■ Record set:
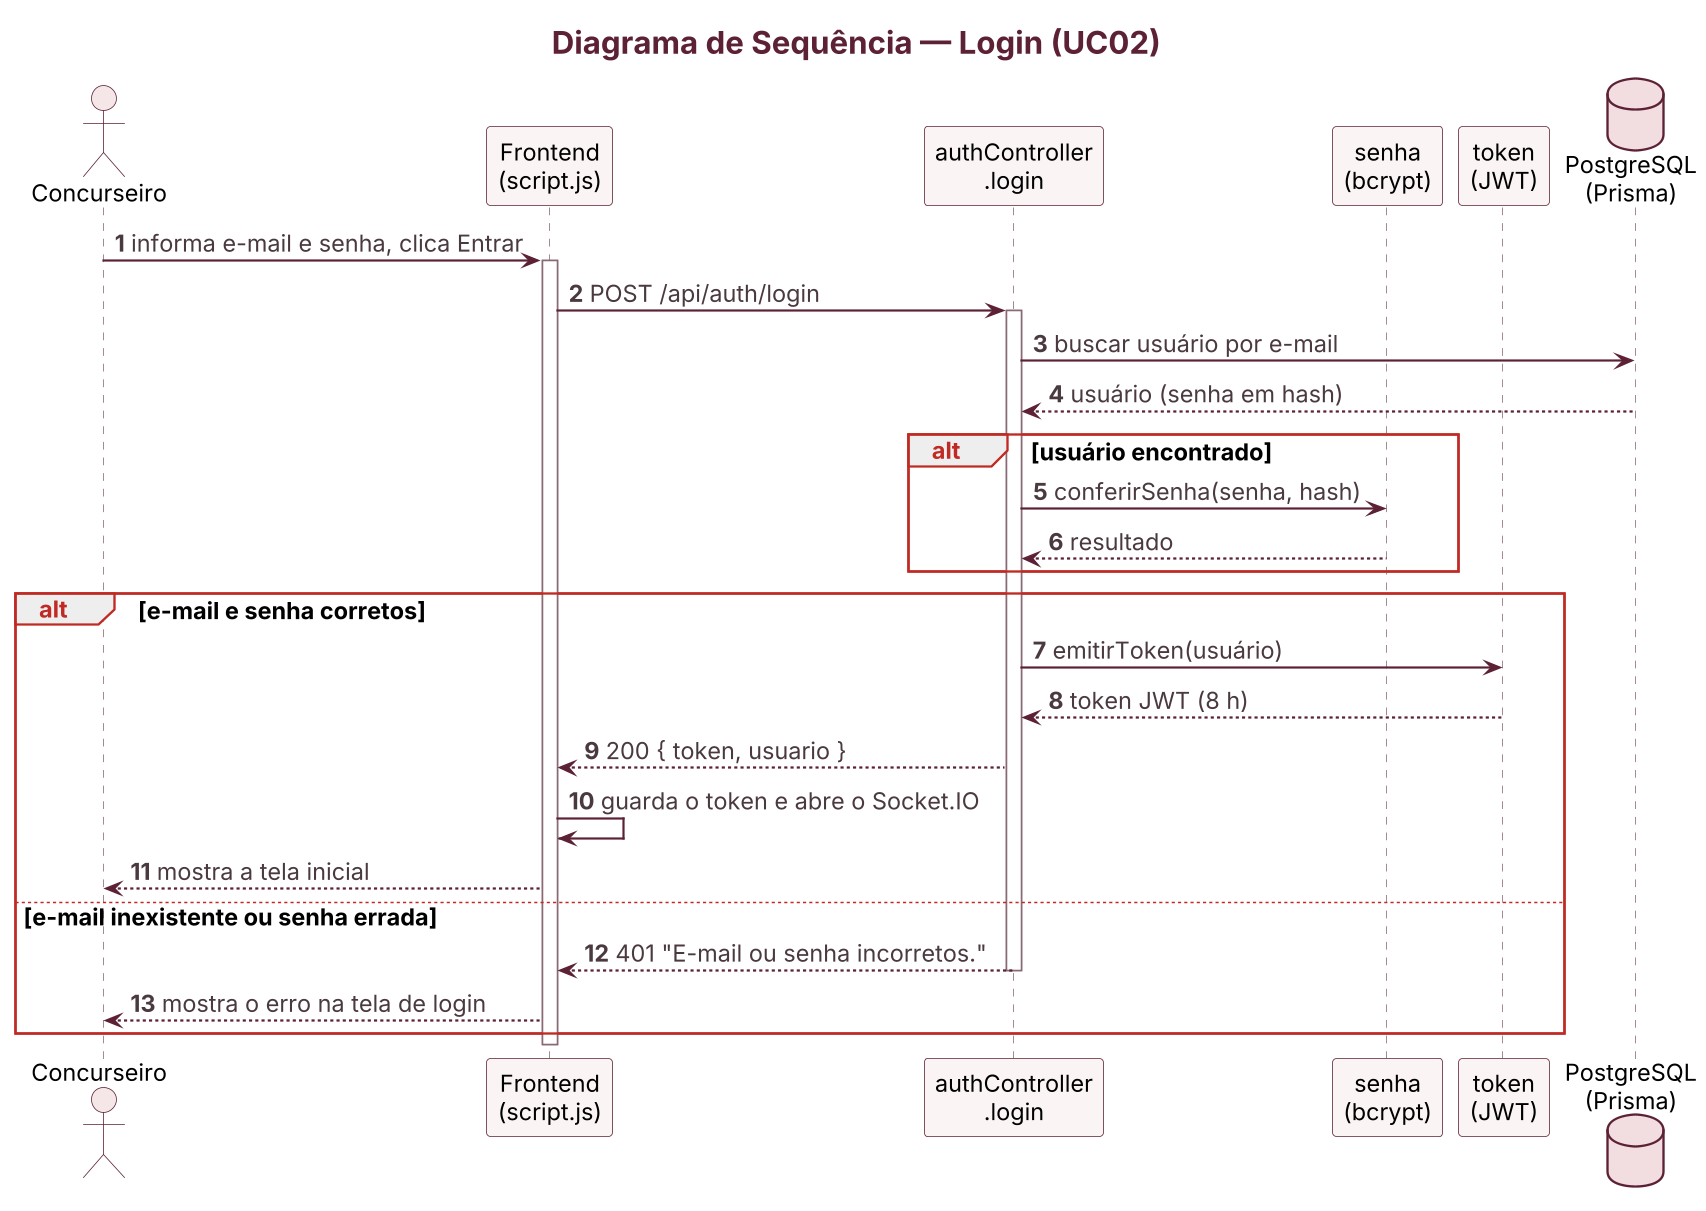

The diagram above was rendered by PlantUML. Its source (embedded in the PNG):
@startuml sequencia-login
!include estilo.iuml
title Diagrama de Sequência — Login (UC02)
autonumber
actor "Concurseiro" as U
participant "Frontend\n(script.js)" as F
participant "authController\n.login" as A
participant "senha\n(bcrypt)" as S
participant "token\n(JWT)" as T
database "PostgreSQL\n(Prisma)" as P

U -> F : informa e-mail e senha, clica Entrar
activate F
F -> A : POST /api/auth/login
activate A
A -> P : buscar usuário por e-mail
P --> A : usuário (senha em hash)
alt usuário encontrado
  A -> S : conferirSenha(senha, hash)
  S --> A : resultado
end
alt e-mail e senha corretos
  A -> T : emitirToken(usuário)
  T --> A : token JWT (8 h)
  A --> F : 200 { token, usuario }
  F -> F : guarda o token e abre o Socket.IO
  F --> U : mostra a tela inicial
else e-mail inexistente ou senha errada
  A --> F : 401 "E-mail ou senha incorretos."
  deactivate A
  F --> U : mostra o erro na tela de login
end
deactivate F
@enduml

■ Required work:
Without including the pictures, return each record above exactly as it stands.

■ Task answer:
The diagram above was rendered by PlantUML. Its source (embedded in the PNG):
@startuml sequencia-login
!include estilo.iuml
title Diagrama de Sequência — Login (UC02)
autonumber
actor "Concurseiro" as U
participant "Frontend\n(script.js)" as F
participant "authController\n.login" as A
participant "senha\n(bcrypt)" as S
participant "token\n(JWT)" as T
database "PostgreSQL\n(Prisma)" as P

U -> F : informa e-mail e senha, clica Entrar
activate F
F -> A : POST /api/auth/login
activate A
A -> P : buscar usuário por e-mail
P --> A : usuário (senha em hash)
alt usuário encontrado
  A -> S : conferirSenha(senha, hash)
  S --> A : resultado
end
alt e-mail e senha corretos
  A -> T : emitirToken(usuário)
  T --> A : token JWT (8 h)
  A --> F : 200 { token, usuario }
  F -> F : guarda o token e abre o Socket.IO
  F --> U : mostra a tela inicial
else e-mail inexistente ou senha errada
  A --> F : 401 "E-mail ou senha incorretos."
  deactivate A
  F --> U : mostra o erro na tela de login
end
deactivate F
@enduml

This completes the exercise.